In synapse activation experiments, crosstalk can be measured in opsin-expressing cells or downstream in postsynaptic neurons. We agree with previous studies (Birdsong et al., 2019; Xia et al., 2020; Joffe et al., 2022) that downstream measurements better capture the functional implication of cross-activation. Nonetheless, it is likely that ChrimsonR photocurrents were activated at lower blue light intensities and durations than discernible from postsynaptic responses alone. However, this stimulus may either not activate enough ChrimsonR to trigger action potential firing in the afferents or engage enough synapses to produce a detectable response in the recorded postsynaptic neuron. Additionally, while the lookup table approach can improve blue opsin response ranges, it may overestimate crosstalk-free light levels for adjacent cells more strongly innervated by opsin expressing afferents. It is important to remember that crosstalk is subject to filtering by the biological system studied. In extreme cases, indirect measures including behavioral (Schild and Glauser, 2015) or paired-pulse response characteristics (Christoffel et al., 2021) can also been used as evidence against appreciable crosstalk, although opsin cross-activation almost certainly occurred. It is the experimenter’s responsibility to consider subthreshold effects of such cross-activation and determine their potentially confounding influence on the process studied. As in any experiment, there is no substitute for high-quality controls for ensuring the validity of results. Whenever possible, swapping opsins between cell populations is one such necessary control.

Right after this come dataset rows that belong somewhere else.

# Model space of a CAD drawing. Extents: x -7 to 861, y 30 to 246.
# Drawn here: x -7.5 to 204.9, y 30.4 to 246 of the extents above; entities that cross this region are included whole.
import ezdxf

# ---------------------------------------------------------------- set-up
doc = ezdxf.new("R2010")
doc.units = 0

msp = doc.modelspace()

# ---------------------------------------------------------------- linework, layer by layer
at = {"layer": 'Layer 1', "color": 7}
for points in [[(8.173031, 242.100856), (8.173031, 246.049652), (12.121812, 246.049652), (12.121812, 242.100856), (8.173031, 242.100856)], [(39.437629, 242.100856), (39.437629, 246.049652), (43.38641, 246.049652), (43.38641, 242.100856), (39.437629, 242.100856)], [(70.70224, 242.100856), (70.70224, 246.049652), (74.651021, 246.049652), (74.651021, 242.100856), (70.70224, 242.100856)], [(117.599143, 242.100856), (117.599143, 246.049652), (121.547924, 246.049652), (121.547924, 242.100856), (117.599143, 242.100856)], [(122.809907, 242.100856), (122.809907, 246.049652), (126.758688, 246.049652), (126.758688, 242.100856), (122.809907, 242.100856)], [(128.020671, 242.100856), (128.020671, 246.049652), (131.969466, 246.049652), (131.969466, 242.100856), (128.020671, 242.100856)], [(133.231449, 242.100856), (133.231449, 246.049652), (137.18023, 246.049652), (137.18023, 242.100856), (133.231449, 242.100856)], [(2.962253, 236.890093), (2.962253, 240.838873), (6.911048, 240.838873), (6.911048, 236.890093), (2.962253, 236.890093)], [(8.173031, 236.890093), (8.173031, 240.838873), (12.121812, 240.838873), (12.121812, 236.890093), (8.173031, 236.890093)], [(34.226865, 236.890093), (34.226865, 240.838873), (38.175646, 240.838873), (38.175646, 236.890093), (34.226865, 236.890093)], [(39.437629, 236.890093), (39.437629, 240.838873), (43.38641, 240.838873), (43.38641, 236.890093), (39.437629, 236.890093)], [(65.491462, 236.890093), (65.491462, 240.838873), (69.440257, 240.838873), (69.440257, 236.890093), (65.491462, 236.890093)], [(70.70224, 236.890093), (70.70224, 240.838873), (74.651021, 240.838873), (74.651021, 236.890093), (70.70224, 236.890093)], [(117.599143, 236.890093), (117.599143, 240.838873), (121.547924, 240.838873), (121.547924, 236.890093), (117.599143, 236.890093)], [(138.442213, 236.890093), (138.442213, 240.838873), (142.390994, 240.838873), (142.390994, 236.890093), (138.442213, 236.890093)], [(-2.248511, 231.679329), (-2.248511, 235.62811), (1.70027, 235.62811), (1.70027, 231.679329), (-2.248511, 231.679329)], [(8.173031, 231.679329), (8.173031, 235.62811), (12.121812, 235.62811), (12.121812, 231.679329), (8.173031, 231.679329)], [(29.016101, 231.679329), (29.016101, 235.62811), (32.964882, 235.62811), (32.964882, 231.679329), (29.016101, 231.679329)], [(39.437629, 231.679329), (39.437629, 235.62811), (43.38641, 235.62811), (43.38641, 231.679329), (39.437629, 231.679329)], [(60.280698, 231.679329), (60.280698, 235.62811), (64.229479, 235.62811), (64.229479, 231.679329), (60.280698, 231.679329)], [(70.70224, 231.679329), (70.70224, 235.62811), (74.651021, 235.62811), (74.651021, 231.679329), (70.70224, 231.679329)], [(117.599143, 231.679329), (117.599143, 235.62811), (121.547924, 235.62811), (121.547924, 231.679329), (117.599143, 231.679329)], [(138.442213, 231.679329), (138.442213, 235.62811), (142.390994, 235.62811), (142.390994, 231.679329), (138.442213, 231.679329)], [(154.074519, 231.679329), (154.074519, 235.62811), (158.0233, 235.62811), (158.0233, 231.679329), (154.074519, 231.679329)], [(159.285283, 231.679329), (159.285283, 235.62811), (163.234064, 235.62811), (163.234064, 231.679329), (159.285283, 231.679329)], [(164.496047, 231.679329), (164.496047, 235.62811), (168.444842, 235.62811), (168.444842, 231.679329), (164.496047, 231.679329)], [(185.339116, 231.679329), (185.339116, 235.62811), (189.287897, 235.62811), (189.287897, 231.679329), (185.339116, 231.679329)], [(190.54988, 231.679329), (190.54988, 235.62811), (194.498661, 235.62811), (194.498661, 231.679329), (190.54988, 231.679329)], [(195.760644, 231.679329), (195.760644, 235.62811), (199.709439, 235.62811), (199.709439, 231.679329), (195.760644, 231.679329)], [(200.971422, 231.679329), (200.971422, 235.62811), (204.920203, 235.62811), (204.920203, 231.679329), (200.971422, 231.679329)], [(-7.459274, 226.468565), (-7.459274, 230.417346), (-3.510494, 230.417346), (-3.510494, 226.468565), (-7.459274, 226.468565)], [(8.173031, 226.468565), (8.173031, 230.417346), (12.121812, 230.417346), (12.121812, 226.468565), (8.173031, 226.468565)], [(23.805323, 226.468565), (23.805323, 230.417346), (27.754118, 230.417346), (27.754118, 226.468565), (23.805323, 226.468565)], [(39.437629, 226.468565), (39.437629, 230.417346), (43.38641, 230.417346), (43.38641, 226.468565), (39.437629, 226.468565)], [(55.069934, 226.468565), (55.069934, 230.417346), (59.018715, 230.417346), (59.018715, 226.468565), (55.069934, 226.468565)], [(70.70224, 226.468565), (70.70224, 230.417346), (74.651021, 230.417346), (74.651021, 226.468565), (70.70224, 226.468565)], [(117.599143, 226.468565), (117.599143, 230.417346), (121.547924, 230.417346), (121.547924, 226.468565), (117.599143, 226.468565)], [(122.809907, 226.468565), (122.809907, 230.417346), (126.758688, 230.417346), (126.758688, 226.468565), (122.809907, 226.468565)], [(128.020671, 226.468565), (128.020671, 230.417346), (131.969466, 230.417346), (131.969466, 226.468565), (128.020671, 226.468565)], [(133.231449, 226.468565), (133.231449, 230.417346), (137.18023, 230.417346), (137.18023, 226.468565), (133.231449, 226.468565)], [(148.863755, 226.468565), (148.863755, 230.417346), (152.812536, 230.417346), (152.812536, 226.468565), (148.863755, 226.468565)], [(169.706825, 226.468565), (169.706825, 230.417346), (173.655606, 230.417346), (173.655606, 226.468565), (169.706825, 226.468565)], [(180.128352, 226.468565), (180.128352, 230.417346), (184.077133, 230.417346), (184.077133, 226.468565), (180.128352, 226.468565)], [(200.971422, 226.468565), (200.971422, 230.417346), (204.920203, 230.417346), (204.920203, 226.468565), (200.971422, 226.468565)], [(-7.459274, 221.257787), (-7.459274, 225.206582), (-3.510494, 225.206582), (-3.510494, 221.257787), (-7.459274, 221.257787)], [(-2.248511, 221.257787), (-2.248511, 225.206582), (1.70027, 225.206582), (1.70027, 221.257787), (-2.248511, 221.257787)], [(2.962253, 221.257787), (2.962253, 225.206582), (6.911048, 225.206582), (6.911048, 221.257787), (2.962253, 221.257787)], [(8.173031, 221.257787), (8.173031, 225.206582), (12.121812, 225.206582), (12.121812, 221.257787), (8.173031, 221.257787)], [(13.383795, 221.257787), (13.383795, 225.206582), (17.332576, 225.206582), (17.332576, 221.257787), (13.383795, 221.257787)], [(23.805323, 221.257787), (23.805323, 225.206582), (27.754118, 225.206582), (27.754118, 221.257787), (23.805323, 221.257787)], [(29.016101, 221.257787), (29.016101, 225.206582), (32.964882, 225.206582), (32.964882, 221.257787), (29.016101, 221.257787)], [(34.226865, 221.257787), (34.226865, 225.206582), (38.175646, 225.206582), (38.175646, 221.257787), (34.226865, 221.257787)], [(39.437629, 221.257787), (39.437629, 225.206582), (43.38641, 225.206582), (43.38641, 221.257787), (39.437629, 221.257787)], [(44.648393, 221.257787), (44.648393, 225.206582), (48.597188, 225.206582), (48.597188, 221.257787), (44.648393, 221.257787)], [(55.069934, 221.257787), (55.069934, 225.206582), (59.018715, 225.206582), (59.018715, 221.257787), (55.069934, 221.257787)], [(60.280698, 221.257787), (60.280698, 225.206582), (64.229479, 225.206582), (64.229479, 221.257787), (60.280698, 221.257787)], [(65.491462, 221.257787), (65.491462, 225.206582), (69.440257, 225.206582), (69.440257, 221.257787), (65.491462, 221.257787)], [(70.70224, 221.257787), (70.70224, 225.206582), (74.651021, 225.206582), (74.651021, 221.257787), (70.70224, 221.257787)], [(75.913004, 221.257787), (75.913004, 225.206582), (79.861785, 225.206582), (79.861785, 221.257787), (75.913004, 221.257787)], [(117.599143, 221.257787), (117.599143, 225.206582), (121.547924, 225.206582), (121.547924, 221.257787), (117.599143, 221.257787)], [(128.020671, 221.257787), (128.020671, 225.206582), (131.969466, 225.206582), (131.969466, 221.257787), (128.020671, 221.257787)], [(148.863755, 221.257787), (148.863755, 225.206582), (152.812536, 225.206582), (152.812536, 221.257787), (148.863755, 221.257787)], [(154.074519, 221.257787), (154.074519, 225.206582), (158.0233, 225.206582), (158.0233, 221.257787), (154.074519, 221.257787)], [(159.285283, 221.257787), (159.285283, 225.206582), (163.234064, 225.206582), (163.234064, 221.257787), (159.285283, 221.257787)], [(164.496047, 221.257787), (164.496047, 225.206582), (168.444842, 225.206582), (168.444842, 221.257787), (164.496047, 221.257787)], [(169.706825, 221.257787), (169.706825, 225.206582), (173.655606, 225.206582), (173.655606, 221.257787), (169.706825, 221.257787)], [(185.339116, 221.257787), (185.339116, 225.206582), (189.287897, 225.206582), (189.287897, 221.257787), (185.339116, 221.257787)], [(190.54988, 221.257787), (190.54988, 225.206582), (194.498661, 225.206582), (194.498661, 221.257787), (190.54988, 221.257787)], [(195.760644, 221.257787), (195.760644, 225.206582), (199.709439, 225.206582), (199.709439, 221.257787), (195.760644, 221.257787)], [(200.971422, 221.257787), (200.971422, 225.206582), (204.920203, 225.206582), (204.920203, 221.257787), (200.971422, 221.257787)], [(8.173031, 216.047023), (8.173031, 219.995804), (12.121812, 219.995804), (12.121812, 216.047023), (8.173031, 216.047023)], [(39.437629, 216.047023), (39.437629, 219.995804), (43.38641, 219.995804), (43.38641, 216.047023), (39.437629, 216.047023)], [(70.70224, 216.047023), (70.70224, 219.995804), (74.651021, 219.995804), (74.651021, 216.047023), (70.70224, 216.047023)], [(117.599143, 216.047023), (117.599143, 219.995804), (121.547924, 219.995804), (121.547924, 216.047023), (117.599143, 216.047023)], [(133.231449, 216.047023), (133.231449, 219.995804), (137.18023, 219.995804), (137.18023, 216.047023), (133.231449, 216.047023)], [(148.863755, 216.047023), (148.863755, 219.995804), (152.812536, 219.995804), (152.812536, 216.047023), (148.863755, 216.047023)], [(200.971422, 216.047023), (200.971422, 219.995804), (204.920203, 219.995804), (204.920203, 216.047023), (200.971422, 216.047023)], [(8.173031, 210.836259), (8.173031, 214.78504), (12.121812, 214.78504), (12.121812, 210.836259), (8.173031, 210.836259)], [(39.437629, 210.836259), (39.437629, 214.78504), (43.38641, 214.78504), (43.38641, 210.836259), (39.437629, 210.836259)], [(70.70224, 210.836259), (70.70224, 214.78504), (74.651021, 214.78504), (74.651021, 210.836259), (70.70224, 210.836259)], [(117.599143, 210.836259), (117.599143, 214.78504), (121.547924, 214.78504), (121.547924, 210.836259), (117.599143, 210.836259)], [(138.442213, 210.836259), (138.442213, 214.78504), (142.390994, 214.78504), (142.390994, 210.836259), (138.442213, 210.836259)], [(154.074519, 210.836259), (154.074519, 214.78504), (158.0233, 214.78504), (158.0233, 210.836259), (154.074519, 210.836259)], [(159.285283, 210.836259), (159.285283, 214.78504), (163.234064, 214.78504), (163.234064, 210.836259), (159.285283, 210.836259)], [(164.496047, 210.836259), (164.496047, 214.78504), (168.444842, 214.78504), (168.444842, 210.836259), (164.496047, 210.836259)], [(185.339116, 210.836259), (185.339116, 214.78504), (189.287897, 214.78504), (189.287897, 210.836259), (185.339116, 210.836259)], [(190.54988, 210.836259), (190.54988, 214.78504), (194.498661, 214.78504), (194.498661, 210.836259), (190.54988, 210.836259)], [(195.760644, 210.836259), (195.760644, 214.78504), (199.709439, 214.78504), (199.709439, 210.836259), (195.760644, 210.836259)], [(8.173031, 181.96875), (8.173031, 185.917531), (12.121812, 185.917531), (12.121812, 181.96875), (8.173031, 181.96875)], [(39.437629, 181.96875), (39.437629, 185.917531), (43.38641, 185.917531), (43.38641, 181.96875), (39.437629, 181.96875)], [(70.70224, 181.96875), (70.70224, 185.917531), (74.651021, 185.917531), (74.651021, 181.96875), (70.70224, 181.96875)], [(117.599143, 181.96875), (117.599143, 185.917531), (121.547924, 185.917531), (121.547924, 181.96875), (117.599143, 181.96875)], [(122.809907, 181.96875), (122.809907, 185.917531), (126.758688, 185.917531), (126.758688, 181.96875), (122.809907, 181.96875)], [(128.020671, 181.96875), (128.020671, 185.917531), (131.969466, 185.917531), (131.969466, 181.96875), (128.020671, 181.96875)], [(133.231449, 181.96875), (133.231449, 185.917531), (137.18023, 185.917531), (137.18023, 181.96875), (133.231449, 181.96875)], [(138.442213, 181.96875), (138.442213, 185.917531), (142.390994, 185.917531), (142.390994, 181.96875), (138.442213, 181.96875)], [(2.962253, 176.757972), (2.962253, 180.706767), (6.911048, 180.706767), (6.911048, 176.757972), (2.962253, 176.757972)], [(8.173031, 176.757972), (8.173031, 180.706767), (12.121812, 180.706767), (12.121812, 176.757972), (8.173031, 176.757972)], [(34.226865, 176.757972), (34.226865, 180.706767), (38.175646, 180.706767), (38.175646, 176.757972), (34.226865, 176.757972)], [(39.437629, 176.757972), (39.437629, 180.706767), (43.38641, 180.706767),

Cross-activation concerns are not specific to excitatory actuator pairs. Other optogenetic tool combinations are equally subject to crosstalk, including excitatory with inhibitory actuators (Han and Boyden, 2007; Zhang et al., 2007; Atallah et al., 2012; Kampasi et al., 2016; Christoffel et al., 2021; Vierock et al., 2021; Li et al., 2022), actuators with sensors (Lim et al., 2012; Rickgauer et al., 2014; Packer et al., 2015; Carrillo-Reid et al., 2016; Yang et al., 2018; Seidenthal et al., 2023), and sensors with sensors (Zhao et al., 2011; Akerboom et al., 2013; Li et al., 2013; Han et al., 2019). Multicolor sensitivity is also a core feature of bistable step-function opsins (Berndt et al., 2009; Yizhar et al., 2011; Wietek et al., 2017; Gong et al., 2020), where an additional wavelength-to-response relationship must be carefully considered. Efforts to produce optogenetic tools with decreased blue light sensitivity and further red-shifted peak activation are ongoing (Mermet-Joret et al., 2021; Kishi et al., 2022). Parallel modifications to blue-activated tools may also decrease crosstalk risk. High-photocurrent, high-sensitivity blue opsins, such as ChRger2, could further reduce the necessary blue radiant exposure to stimulate neurons (Bedbrook et al., 2019), thus reducing crosstalk risk. Opsins with fast activation kinetics, such as Chronos and ChroME (Mardinly et al., 2018), have also been successfully applied in multicolor experiments. A third avenue that saw limited success was to further blue-shift action spectra. TsChR, a channelrhodopsin discovered in T. striata, has an excitation peak at 430 nm and is the most blue-shifted channelrhodopsin known to date (Klapoetke et al., 2014). Membrane trafficking of TsChR was further optimized to generate eTsChR (Farhi et al., 2019). While promising, the efficacy of eTsChR in multicolor applications has yet to be verified. The continued spectral and kinetic expansion of the optogenetic toolkit, combined with experimental strategies for minimizing crosstalk, will ultimately broaden the adoption of dual-color approaches for studying brain function.
Methods
Animals
Wild-type C57BL/6 mice of both sexes were used for all experiments. Mice were bred and maintained with ad libitum access to food and water on 12-h light/dark cycles in University of California, Irvine vivarium facilities. All mice were housed and used in accordance with the NIH guidelines on the care and use of laboratory animals.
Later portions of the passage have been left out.